YOUR INSTRUCTIONS: Below this sentence is a listing; return exactly its lines from the one with "#210=CARTESIAN_POINT('',(0.,11.85,-25.1));" to the one with "#229=ORIENTED_EDGE('',*,*,#115,.T.);", both kept, and nothing more.

========================================

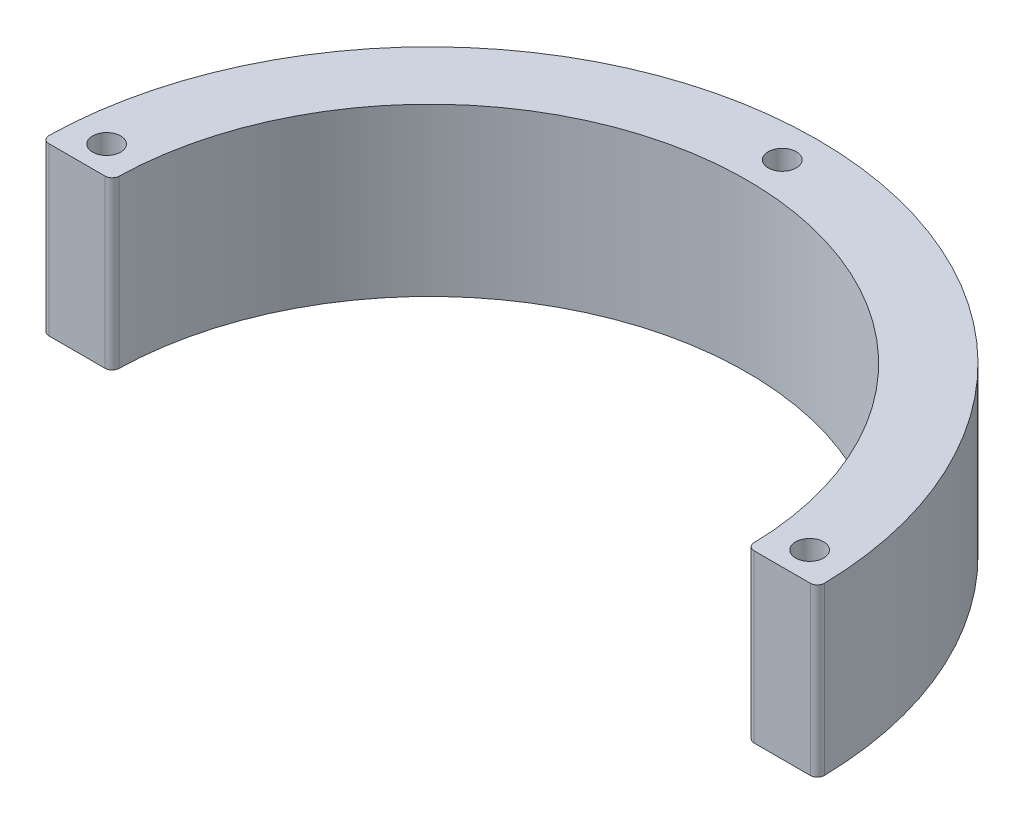
ISO-10303-21;
HEADER;
FILE_DESCRIPTION(('STEP AP214'),'2;1');
FILE_NAME('part.step','',(''),(''),'','','');
FILE_SCHEMA(('AUTOMOTIVE_DESIGN { 1 0 10303 214 1 1 1 1 }'));
ENDSEC;
DATA;
#1=APPLICATION_CONTEXT('core data for automotive mechanical design processes');
#2=APPLICATION_PROTOCOL_DEFINITION('international standard','automotive_design',2000,#1);
#3=PRODUCT_CONTEXT('',#1,'mechanical');
#4=PRODUCT('Part','Part','',(#3));
#5=PRODUCT_RELATED_PRODUCT_CATEGORY('part','',(#4));
#6=PRODUCT_DEFINITION_FORMATION('','',#4);
#7=PRODUCT_DEFINITION_CONTEXT('part definition',#1,'design');
#8=PRODUCT_DEFINITION('design','',#6,#7);
#9=PRODUCT_DEFINITION_SHAPE('','',#8);
#10=(LENGTH_UNIT() NAMED_UNIT(*) SI_UNIT(.MILLI.,.METRE.));
#11=(NAMED_UNIT(*) PLANE_ANGLE_UNIT() SI_UNIT($,.RADIAN.));
#12=(NAMED_UNIT(*) SI_UNIT($,.STERADIAN.) SOLID_ANGLE_UNIT());
#13=UNCERTAINTY_MEASURE_WITH_UNIT(LENGTH_MEASURE(1.E-05),#10,'distance_accuracy_value','');
#14=(GEOMETRIC_REPRESENTATION_CONTEXT(3) GLOBAL_UNCERTAINTY_ASSIGNED_CONTEXT((#13)) GLOBAL_UNIT_ASSIGNED_CONTEXT((#10,
#11,#12)) REPRESENTATION_CONTEXT('',''));
#15=CARTESIAN_POINT('',(0.,0.,0.));
#16=DIRECTION('',(0.,0.,1.));
#17=DIRECTION('',(1.,0.,0.));
#18=AXIS2_PLACEMENT_3D('',#15,#16,#17);
#19=CARTESIAN_POINT('',(0.,11.85,0.));
#20=DIRECTION('',(0.,-1.,0.));
#21=DIRECTION('',(0.,0.,-1.));
#22=AXIS2_PLACEMENT_3D('',#19,#20,#21);
#23=CYLINDRICAL_SURFACE('',#22,22.6);
#24=CARTESIAN_POINT('',(0.,0.,0.));
#25=DIRECTION('',(0.,-1.,0.));
#26=DIRECTION('',(0.,0.,1.));
#27=AXIS2_PLACEMENT_3D('',#24,#25,#26);
#28=CIRCLE('',#27,22.6);
#29=CARTESIAN_POINT('',(-22.5947052510999,0.,-0.489177489177489));
#30=VERTEX_POINT('',#29);
#31=CARTESIAN_POINT('',(22.5947052510999,0.,-0.489177489177489));
#32=VERTEX_POINT('',#31);
#33=EDGE_CURVE('E131',#30,#32,#28,.T.);
#34=ORIENTED_EDGE('',*,*,#33,.T.);
#35=DIRECTION('',(0.,-1.,0.));
#36=VECTOR('',#35,1.);
#37=CARTESIAN_POINT('',(22.5947052510999,11.85,-0.489177489177489));
#38=LINE('',#37,#36);
#39=CARTESIAN_POINT('',(22.5947052510999,11.85,-0.489177489177489));
#40=VERTEX_POINT('',#39);
#41=EDGE_CURVE('E154',#32,#40,#38,.F.);
#42=ORIENTED_EDGE('',*,*,#41,.T.);
#43=CARTESIAN_POINT('',(0.,11.85,0.));
#44=DIRECTION('',(0.,-1.,0.));
#45=DIRECTION('',(0.,0.,1.));
#46=AXIS2_PLACEMENT_3D('',#43,#44,#45);
#47=CIRCLE('',#46,22.6);
#48=CARTESIAN_POINT('',(-22.5947052510999,11.85,-0.489177489177489));
#49=VERTEX_POINT('',#48);
#50=EDGE_CURVE('E129',#49,#40,#47,.T.);
#51=ORIENTED_EDGE('',*,*,#50,.F.);
#52=DIRECTION('',(0.,-1.,0.));
#53=VECTOR('',#52,1.);
#54=CARTESIAN_POINT('',(-22.5947052510999,11.85,-0.489177489177489));
#55=LINE('',#54,#53);
#56=EDGE_CURVE('E151',#49,#30,#55,.T.);
#57=ORIENTED_EDGE('',*,*,#56,.T.);
#58=EDGE_LOOP('',(#34,#42,#51,#57));
#59=FACE_BOUND('',#58,.T.);
#60=ADVANCED_FACE('F36',(#59),#23,.F.);
#61=CARTESIAN_POINT('',(22.6,11.85,0.));
#62=DIRECTION('',(0.,0.,-1.));
#63=DIRECTION('',(-1.,0.,0.));
#64=AXIS2_PLACEMENT_3D('',#61,#62,#63);
#65=PLANE('',#64);
#66=DIRECTION('',(1.,0.,0.));
#67=VECTOR('',#66,1.);
#68=CARTESIAN_POINT('',(22.6,0.,0.));
#69=LINE('',#68,#67);
#70=CARTESIAN_POINT('',(23.0945881106375,0.,0.));
#71=VERTEX_POINT('',#70);
#72=CARTESIAN_POINT('',(27.0953870612693,0.,0.));
#73=VERTEX_POINT('',#72);
#74=EDGE_CURVE('E127',#71,#73,#69,.T.);
#75=ORIENTED_EDGE('',*,*,#74,.T.);
#76=DIRECTION('',(0.,-1.,0.));
#77=VECTOR('',#76,1.);
#78=CARTESIAN_POINT('',(27.0953870612693,11.85,0.));
#79=LINE('',#78,#77);
#80=CARTESIAN_POINT('',(27.0953870612693,11.85,0.));
#81=VERTEX_POINT('',#80);
#82=EDGE_CURVE('E106',#73,#81,#79,.F.);
#83=ORIENTED_EDGE('',*,*,#82,.T.);
#84=DIRECTION('',(1.,0.,0.));
#85=VECTOR('',#84,1.);
#86=CARTESIAN_POINT('',(22.6,11.85,0.));
#87=LINE('',#86,#85);
#88=CARTESIAN_POINT('',(23.0945881106375,11.85,0.));
#89=VERTEX_POINT('',#88);
#90=EDGE_CURVE('E170',#89,#81,#87,.T.);
#91=ORIENTED_EDGE('',*,*,#90,.F.);
#92=DIRECTION('',(0.,-1.,0.));
#93=VECTOR('',#92,1.);
#94=CARTESIAN_POINT('',(23.0945881106375,11.85,0.));
#95=LINE('',#94,#93);
#96=EDGE_CURVE('E111',#89,#71,#95,.T.);
#97=ORIENTED_EDGE('',*,*,#96,.T.);
#98=EDGE_LOOP('',(#75,#83,#91,#97));
#99=FACE_BOUND('',#98,.T.);
#100=ADVANCED_FACE('F209',(#99),#65,.F.);
#101=CARTESIAN_POINT('',(0.,11.85,0.));
#102=DIRECTION('',(0.,-1.,0.));
#103=DIRECTION('',(0.,0.,-1.));
#104=AXIS2_PLACEMENT_3D('',#101,#102,#103);
#105=CYLINDRICAL_SURFACE('',#104,27.6);
#106=CARTESIAN_POINT('',(0.,11.85,0.));
#107=DIRECTION('',(0.,1.,0.));
#108=DIRECTION('',(0.,0.,1.));
#109=AXIS2_PLACEMENT_3D('',#106,#107,#108);
#110=CIRCLE('',#109,27.6);
#111=CARTESIAN_POINT('',(27.5953019516986,11.85,-0.509225092250922));
#112=VERTEX_POINT('',#111);
#113=CARTESIAN_POINT('',(-27.5953019516986,11.85,-0.509225092250922));
#114=VERTEX_POINT('',#113);
#115=EDGE_CURVE('E120',#112,#114,#110,.T.);
#116=ORIENTED_EDGE('',*,*,#115,.F.);
#117=DIRECTION('',(0.,-1.,0.));
#118=VECTOR('',#117,1.);
#119=CARTESIAN_POINT('',(27.5953019516986,11.85,-0.509225092250923));
#120=LINE('',#119,#118);
#121=CARTESIAN_POINT('',(27.5953019516986,0.,-0.509225092250922));
#122=VERTEX_POINT('',#121);
#123=EDGE_CURVE('E105',#112,#122,#120,.T.);
#124=ORIENTED_EDGE('',*,*,#123,.T.);
#125=CARTESIAN_POINT('',(0.,0.,0.));
#126=DIRECTION('',(0.,1.,0.));
#127=DIRECTION('',(0.,0.,1.));
#128=AXIS2_PLACEMENT_3D('',#125,#126,#127);
#129=CIRCLE('',#128,27.6);
#130=CARTESIAN_POINT('',(-27.5953019516986,0.,-0.509225092250922));
#131=VERTEX_POINT('',#130);
#132=EDGE_CURVE('E118',#122,#131,#129,.T.);
#133=ORIENTED_EDGE('',*,*,#132,.T.);
#134=DIRECTION('',(0.,-1.,0.));
#135=VECTOR('',#134,1.);
#136=CARTESIAN_POINT('',(-27.5953019516986,11.85,-0.509225092250923));
#137=LINE('',#136,#135);
#138=EDGE_CURVE('E122',#131,#114,#137,.F.);
#139=ORIENTED_EDGE('',*,*,#138,.T.);
#140=EDGE_LOOP('',(#116,#124,#133,#139));
#141=FACE_BOUND('',#140,.T.);
#142=ADVANCED_FACE('F117',(#141),#105,.T.);
#143=CARTESIAN_POINT('',(-27.6,11.85,0.));
#144=DIRECTION('',(0.,0.,-1.));
#145=DIRECTION('',(-1.,0.,0.));
#146=AXIS2_PLACEMENT_3D('',#143,#144,#145);
#147=PLANE('',#146);
#148=DIRECTION('',(1.,0.,0.));
#149=VECTOR('',#148,1.);
#150=CARTESIAN_POINT('',(-27.6,0.,0.));
#151=LINE('',#150,#149);
#152=CARTESIAN_POINT('',(-27.0953870612693,0.,0.));
#153=VERTEX_POINT('',#152);
#154=CARTESIAN_POINT('',(-23.0945881106375,0.,0.));
#155=VERTEX_POINT('',#154);
#156=EDGE_CURVE('E126',#153,#155,#151,.T.);
#157=ORIENTED_EDGE('',*,*,#156,.T.);
#158=DIRECTION('',(0.,-1.,0.));
#159=VECTOR('',#158,1.);
#160=CARTESIAN_POINT('',(-23.0945881106375,11.85,0.));
#161=LINE('',#160,#159);
#162=CARTESIAN_POINT('',(-23.0945881106375,11.85,0.));
#163=VERTEX_POINT('',#162);
#164=EDGE_CURVE('E11',#155,#163,#161,.F.);
#165=ORIENTED_EDGE('',*,*,#164,.T.);
#166=DIRECTION('',(1.,0.,0.));
#167=VECTOR('',#166,1.);
#168=CARTESIAN_POINT('',(-27.6,11.85,0.));
#169=LINE('',#168,#167);
#170=CARTESIAN_POINT('',(-27.0953870612693,11.85,0.));
#171=VERTEX_POINT('',#170);
#172=EDGE_CURVE('E135',#171,#163,#169,.T.);
#173=ORIENTED_EDGE('',*,*,#172,.F.);
#174=DIRECTION('',(0.,-1.,0.));
#175=VECTOR('',#174,1.);
#176=CARTESIAN_POINT('',(-27.0953870612693,11.85,0.));
#177=LINE('',#176,#175);
#178=EDGE_CURVE('E44',#171,#153,#177,.T.);
#179=ORIENTED_EDGE('',*,*,#178,.T.);
#180=EDGE_LOOP('',(#157,#165,#173,#179));
#181=FACE_BOUND('',#180,.T.);
#182=ADVANCED_FACE('F157',(#181),#147,.F.);
#183=CARTESIAN_POINT('',(0.,11.85,0.));
#184=DIRECTION('',(0.,1.,0.));
#185=DIRECTION('',(0.,0.,1.));
#186=AXIS2_PLACEMENT_3D('',#183,#184,#185);
#187=PLANE('',#186);
#188=CARTESIAN_POINT('',(-25.0177384181239,11.85,-2.03045917031813));
#189=DIRECTION('',(0.,1.,0.));
#190=DIRECTION('',(0.,0.,1.));
#191=AXIS2_PLACEMENT_3D('',#188,#189,#190);
#192=CIRCLE('',#191,1.);
#193=CARTESIAN_POINT('',(-25.0177384181239,11.85,-1.03045917031813));
#194=VERTEX_POINT('',#193);
#195=EDGE_CURVE('E181',#194,#194,#192,.T.);
#196=ORIENTED_EDGE('',*,*,#195,.F.);
#197=EDGE_LOOP('',(#196));
#198=FACE_BOUND('',#197,.T.);
#199=CARTESIAN_POINT('',(25.0177384181239,11.85,-2.03045917031804));
#200=DIRECTION('',(0.,1.,0.));
#201=DIRECTION('',(0.,0.,1.));
#202=AXIS2_PLACEMENT_3D('',#199,#200,#201);
#203=CIRCLE('',#202,1.);
#204=CARTESIAN_POINT('',(25.0177384181239,11.85,-1.03045917031804));
#205=VERTEX_POINT('',#204);
#206=EDGE_CURVE('E191',#205,#205,#203,.T.);
#207=ORIENTED_EDGE('',*,*,#206,.F.);
#208=EDGE_LOOP('',(#207));
#209=FACE_BOUND('',#208,.T.);
#210=CARTESIAN_POINT('',(0.,11.85,-25.1));
#211=DIRECTION('',(0.,1.,0.));
#212=DIRECTION('',(0.,0.,1.));
#213=AXIS2_PLACEMENT_3D('',#210,#211,#212);
#214=CIRCLE('',#213,1.);
#215=CARTESIAN_POINT('',(0.,11.85,-24.1));
#216=VERTEX_POINT('',#215);
#217=EDGE_CURVE('E175',#216,#216,#214,.T.);
#218=ORIENTED_EDGE('',*,*,#217,.F.);
#219=EDGE_LOOP('',(#218));
#220=FACE_BOUND('',#219,.T.);
#221=ORIENTED_EDGE('',*,*,#90,.T.);
#222=CARTESIAN_POINT('',(27.0953870612693,11.85,-0.5));
#223=DIRECTION('',(0.,1.,0.));
#224=DIRECTION('',(0.,0.,1.));
#225=AXIS2_PLACEMENT_3D('',#222,#223,#224);
#226=CIRCLE('',#225,0.5);
#227=EDGE_CURVE('E149',#81,#112,#226,.T.);
#228=ORIENTED_EDGE('',*,*,#227,.T.);
#229=ORIENTED_EDGE('',*,*,#115,.T.);
#230=CARTESIAN_POINT('',(-27.0953870612693,11.85,-0.5));
#231=DIRECTION('',(0.,1.,0.));
#232=DIRECTION('',(0.,0.,1.));
#233=AXIS2_PLACEMENT_3D('',#230,#231,#232);
#234=CIRCLE('',#233,0.5);
#235=EDGE_CURVE('E56',#114,#171,#234,.T.);
#236=ORIENTED_EDGE('',*,*,#235,.T.);
#237=ORIENTED_EDGE('',*,*,#172,.T.);
#238=CARTESIAN_POINT('',(-23.0945881106375,11.85,-0.5));
#239=DIRECTION('',(0.,1.,0.));
#240=DIRECTION('',(0.,0.,1.));
#241=AXIS2_PLACEMENT_3D('',#238,#239,#240);
#242=CIRCLE('',#241,0.5);
#243=EDGE_CURVE('E145',#163,#49,#242,.T.);
#244=ORIENTED_EDGE('',*,*,#243,.T.);
#245=ORIENTED_EDGE('',*,*,#50,.T.);
#246=CARTESIAN_POINT('',(23.0945881106375,11.85,-0.5));
#247=DIRECTION('',(0.,1.,0.));
#248=DIRECTION('',(0.,0.,1.));
#249=AXIS2_PLACEMENT_3D('',#246,#247,#248);
#250=CIRCLE('',#249,0.5);
#251=EDGE_CURVE('E147',#40,#89,#250,.T.);
#252=ORIENTED_EDGE('',*,*,#251,.T.);
#253=EDGE_LOOP('',(#221,#228,#229,#236,#237,#244,#245,#252));
#254=FACE_BOUND('',#253,.T.);
#255=ADVANCED_FACE('F202',(#198,#209,#220,#254),#187,.T.);
#256=CARTESIAN_POINT('',(0.,0.,0.));
#257=DIRECTION('',(0.,1.,0.));
#258=DIRECTION('',(0.,0.,1.));
#259=AXIS2_PLACEMENT_3D('',#256,#257,#258);
#260=PLANE('',#259);
#261=CARTESIAN_POINT('',(-25.0177384181239,0.,-2.03045917031813));
#262=DIRECTION('',(0.,1.,0.));
#263=DIRECTION('',(0.,0.,1.));
#264=AXIS2_PLACEMENT_3D('',#261,#262,#263);
#265=CIRCLE('',#264,1.);
#266=CARTESIAN_POINT('',(-25.0177384181239,0.,-1.03045917031813));
#267=VERTEX_POINT('',#266);
#268=EDGE_CURVE('E179',#267,#267,#265,.T.);
#269=ORIENTED_EDGE('',*,*,#268,.T.);
#270=EDGE_LOOP('',(#269));
#271=FACE_BOUND('',#270,.T.);
#272=CARTESIAN_POINT('',(25.0177384181239,0.,-2.03045917031804));
#273=DIRECTION('',(0.,1.,0.));
#274=DIRECTION('',(0.,0.,1.));
#275=AXIS2_PLACEMENT_3D('',#272,#273,#274);
#276=CIRCLE('',#275,1.);
#277=CARTESIAN_POINT('',(25.0177384181239,0.,-1.03045917031804));
#278=VERTEX_POINT('',#277);
#279=EDGE_CURVE('E186',#278,#278,#276,.T.);
#280=ORIENTED_EDGE('',*,*,#279,.T.);
#281=EDGE_LOOP('',(#280));
#282=FACE_BOUND('',#281,.T.);
#283=CARTESIAN_POINT('',(0.,0.,-25.1));
#284=DIRECTION('',(0.,1.,0.));
#285=DIRECTION('',(0.,0.,1.));
#286=AXIS2_PLACEMENT_3D('',#283,#284,#285);
#287=CIRCLE('',#286,1.);
#288=CARTESIAN_POINT('',(0.,0.,-24.1));
#289=VERTEX_POINT('',#288);
#290=EDGE_CURVE('E193',#289,#289,#287,.T.);
#291=ORIENTED_EDGE('',*,*,#290,.T.);
#292=EDGE_LOOP('',(#291));
#293=FACE_BOUND('',#292,.T.);
#294=ORIENTED_EDGE('',*,*,#132,.F.);
#295=CARTESIAN_POINT('',(27.0953870612693,0.,-0.5));
#296=DIRECTION('',(0.,1.,0.));
#297=DIRECTION('',(0.,0.,1.));
#298=AXIS2_PLACEMENT_3D('',#295,#296,#297);
#299=CIRCLE('',#298,0.5);
#300=EDGE_CURVE('E101',#122,#73,#299,.F.);
#301=ORIENTED_EDGE('',*,*,#300,.T.);
#302=ORIENTED_EDGE('',*,*,#74,.F.);
#303=CARTESIAN_POINT('',(23.0945881106375,0.,-0.5));
#304=DIRECTION('',(0.,1.,0.));
#305=DIRECTION('',(0.,0.,1.));
#306=AXIS2_PLACEMENT_3D('',#303,#304,#305);
#307=CIRCLE('',#306,0.5);
#308=EDGE_CURVE('E112',#71,#32,#307,.F.);
#309=ORIENTED_EDGE('',*,*,#308,.T.);
#310=ORIENTED_EDGE('',*,*,#33,.F.);
#311=CARTESIAN_POINT('',(-23.0945881106375,0.,-0.5));
#312=DIRECTION('',(0.,1.,0.));
#313=DIRECTION('',(0.,0.,1.));
#314=AXIS2_PLACEMENT_3D('',#311,#312,#313);
#315=CIRCLE('',#314,0.5);
#316=EDGE_CURVE('E138',#30,#155,#315,.F.);
#317=ORIENTED_EDGE('',*,*,#316,.T.);
#318=ORIENTED_EDGE('',*,*,#156,.F.);
#319=CARTESIAN_POINT('',(-27.0953870612693,0.,-0.5));
#320=DIRECTION('',(0.,1.,0.));
#321=DIRECTION('',(0.,0.,1.));
#322=AXIS2_PLACEMENT_3D('',#319,#320,#321);
#323=CIRCLE('',#322,0.5);
#324=EDGE_CURVE('E121',#153,#131,#323,.F.);
#325=ORIENTED_EDGE('',*,*,#324,.T.);
#326=EDGE_LOOP('',(#294,#301,#302,#309,#310,#317,#318,#325));
#327=FACE_BOUND('',#326,.T.);
#328=ADVANCED_FACE('F124',(#271,#282,#293,#327),#260,.F.);
#329=CARTESIAN_POINT('',(0.,0.,-25.1));
#330=DIRECTION('',(0.,1.,0.));
#331=DIRECTION('',(0.,0.,1.));
#332=AXIS2_PLACEMENT_3D('',#329,#330,#331);
#333=CYLINDRICAL_SURFACE('',#332,1.);
#334=ORIENTED_EDGE('',*,*,#290,.F.);
#335=EDGE_LOOP('',(#334));
#336=FACE_BOUND('',#335,.T.);
#337=ORIENTED_EDGE('',*,*,#217,.T.);
#338=EDGE_LOOP('',(#337));
#339=FACE_BOUND('',#338,.T.);
#340=ADVANCED_FACE('F200',(#336,#339),#333,.F.);
#341=CARTESIAN_POINT('',(25.0177384181239,0.,-2.03045917031804));
#342=DIRECTION('',(0.,1.,0.));
#343=DIRECTION('',(0.,0.,1.));
#344=AXIS2_PLACEMENT_3D('',#341,#342,#343);
#345=CYLINDRICAL_SURFACE('',#344,1.);
#346=ORIENTED_EDGE('',*,*,#279,.F.);
#347=EDGE_LOOP('',(#346));
#348=FACE_BOUND('',#347,.T.);
#349=ORIENTED_EDGE('',*,*,#206,.T.);
#350=EDGE_LOOP('',(#349));
#351=FACE_BOUND('',#350,.T.);
#352=ADVANCED_FACE('F235',(#348,#351),#345,.F.);
#353=CARTESIAN_POINT('',(-25.0177384181239,0.,-2.03045917031813));
#354=DIRECTION('',(0.,1.,0.));
#355=DIRECTION('',(0.,0.,1.));
#356=AXIS2_PLACEMENT_3D('',#353,#354,#355);
#357=CYLINDRICAL_SURFACE('',#356,1.);
#358=ORIENTED_EDGE('',*,*,#268,.F.);
#359=EDGE_LOOP('',(#358));
#360=FACE_BOUND('',#359,.T.);
#361=ORIENTED_EDGE('',*,*,#195,.T.);
#362=EDGE_LOOP('',(#361));
#363=FACE_BOUND('',#362,.T.);
#364=ADVANCED_FACE('F218',(#360,#363),#357,.F.);
#365=CARTESIAN_POINT('',(27.0953870612693,11.85,-0.5));
#366=DIRECTION('',(0.,-1.,0.));
#367=DIRECTION('',(0.,0.,-1.));
#368=AXIS2_PLACEMENT_3D('',#365,#366,#367);
#369=CYLINDRICAL_SURFACE('',#368,0.5);
#370=ORIENTED_EDGE('',*,*,#227,.F.);
#371=ORIENTED_EDGE('',*,*,#82,.F.);
#372=ORIENTED_EDGE('',*,*,#300,.F.);
#373=ORIENTED_EDGE('',*,*,#123,.F.);
#374=EDGE_LOOP('',(#370,#371,#372,#373));
#375=FACE_BOUND('',#374,.T.);
#376=ADVANCED_FACE('F104',(#375),#369,.T.);
#377=CARTESIAN_POINT('',(23.0945881106375,11.85,-0.5));
#378=DIRECTION('',(0.,-1.,0.));
#379=DIRECTION('',(0.,0.,-1.));
#380=AXIS2_PLACEMENT_3D('',#377,#378,#379);
#381=CYLINDRICAL_SURFACE('',#380,0.5);
#382=ORIENTED_EDGE('',*,*,#251,.F.);
#383=ORIENTED_EDGE('',*,*,#41,.F.);
#384=ORIENTED_EDGE('',*,*,#308,.F.);
#385=ORIENTED_EDGE('',*,*,#96,.F.);
#386=EDGE_LOOP('',(#382,#383,#384,#385));
#387=FACE_BOUND('',#386,.T.);
#388=ADVANCED_FACE('F211',(#387),#381,.T.);
#389=CARTESIAN_POINT('',(-23.0945881106375,11.85,-0.5));
#390=DIRECTION('',(0.,-1.,0.));
#391=DIRECTION('',(0.,0.,-1.));
#392=AXIS2_PLACEMENT_3D('',#389,#390,#391);
#393=CYLINDRICAL_SURFACE('',#392,0.5);
#394=ORIENTED_EDGE('',*,*,#243,.F.);
#395=ORIENTED_EDGE('',*,*,#164,.F.);
#396=ORIENTED_EDGE('',*,*,#316,.F.);
#397=ORIENTED_EDGE('',*,*,#56,.F.);
#398=EDGE_LOOP('',(#394,#395,#396,#397));
#399=FACE_BOUND('',#398,.T.);
#400=ADVANCED_FACE('F164',(#399),#393,.T.);
#401=CARTESIAN_POINT('',(-27.0953870612693,11.85,-0.5));
#402=DIRECTION('',(0.,-1.,0.));
#403=DIRECTION('',(0.,0.,-1.));
#404=AXIS2_PLACEMENT_3D('',#401,#402,#403);
#405=CYLINDRICAL_SURFACE('',#404,0.5);
#406=ORIENTED_EDGE('',*,*,#235,.F.);
#407=ORIENTED_EDGE('',*,*,#138,.F.);
#408=ORIENTED_EDGE('',*,*,#324,.F.);
#409=ORIENTED_EDGE('',*,*,#178,.F.);
#410=EDGE_LOOP('',(#406,#407,#408,#409));
#411=FACE_BOUND('',#410,.T.);
#412=ADVANCED_FACE('F38',(#411),#405,.T.);
#413=CLOSED_SHELL('',(#60,#100,#142,#182,#255,#328,#340,#352,#364,#376,#388,#400,#412));
#414=MANIFOLD_SOLID_BREP('B2',#413);
#415=ADVANCED_BREP_SHAPE_REPRESENTATION('',(#18,#414),#14);
#416=SHAPE_DEFINITION_REPRESENTATION(#9,#415);
ENDSEC;
END-ISO-10303-21;

========================================

REPLY TO THE TASK:
#210=CARTESIAN_POINT('',(0.,11.85,-25.1));
#211=DIRECTION('',(0.,1.,0.));
#212=DIRECTION('',(0.,0.,1.));
#213=AXIS2_PLACEMENT_3D('',#210,#211,#212);
#214=CIRCLE('',#213,1.);
#215=CARTESIAN_POINT('',(0.,11.85,-24.1));
#216=VERTEX_POINT('',#215);
#217=EDGE_CURVE('E175',#216,#216,#214,.T.);
#218=ORIENTED_EDGE('',*,*,#217,.F.);
#219=EDGE_LOOP('',(#218));
#220=FACE_BOUND('',#219,.T.);
#221=ORIENTED_EDGE('',*,*,#90,.T.);
#222=CARTESIAN_POINT('',(27.0953870612693,11.85,-0.5));
#223=DIRECTION('',(0.,1.,0.));
#224=DIRECTION('',(0.,0.,1.));
#225=AXIS2_PLACEMENT_3D('',#222,#223,#224);
#226=CIRCLE('',#225,0.5);
#227=EDGE_CURVE('E149',#81,#112,#226,.T.);
#228=ORIENTED_EDGE('',*,*,#227,.T.);
#229=ORIENTED_EDGE('',*,*,#115,.T.);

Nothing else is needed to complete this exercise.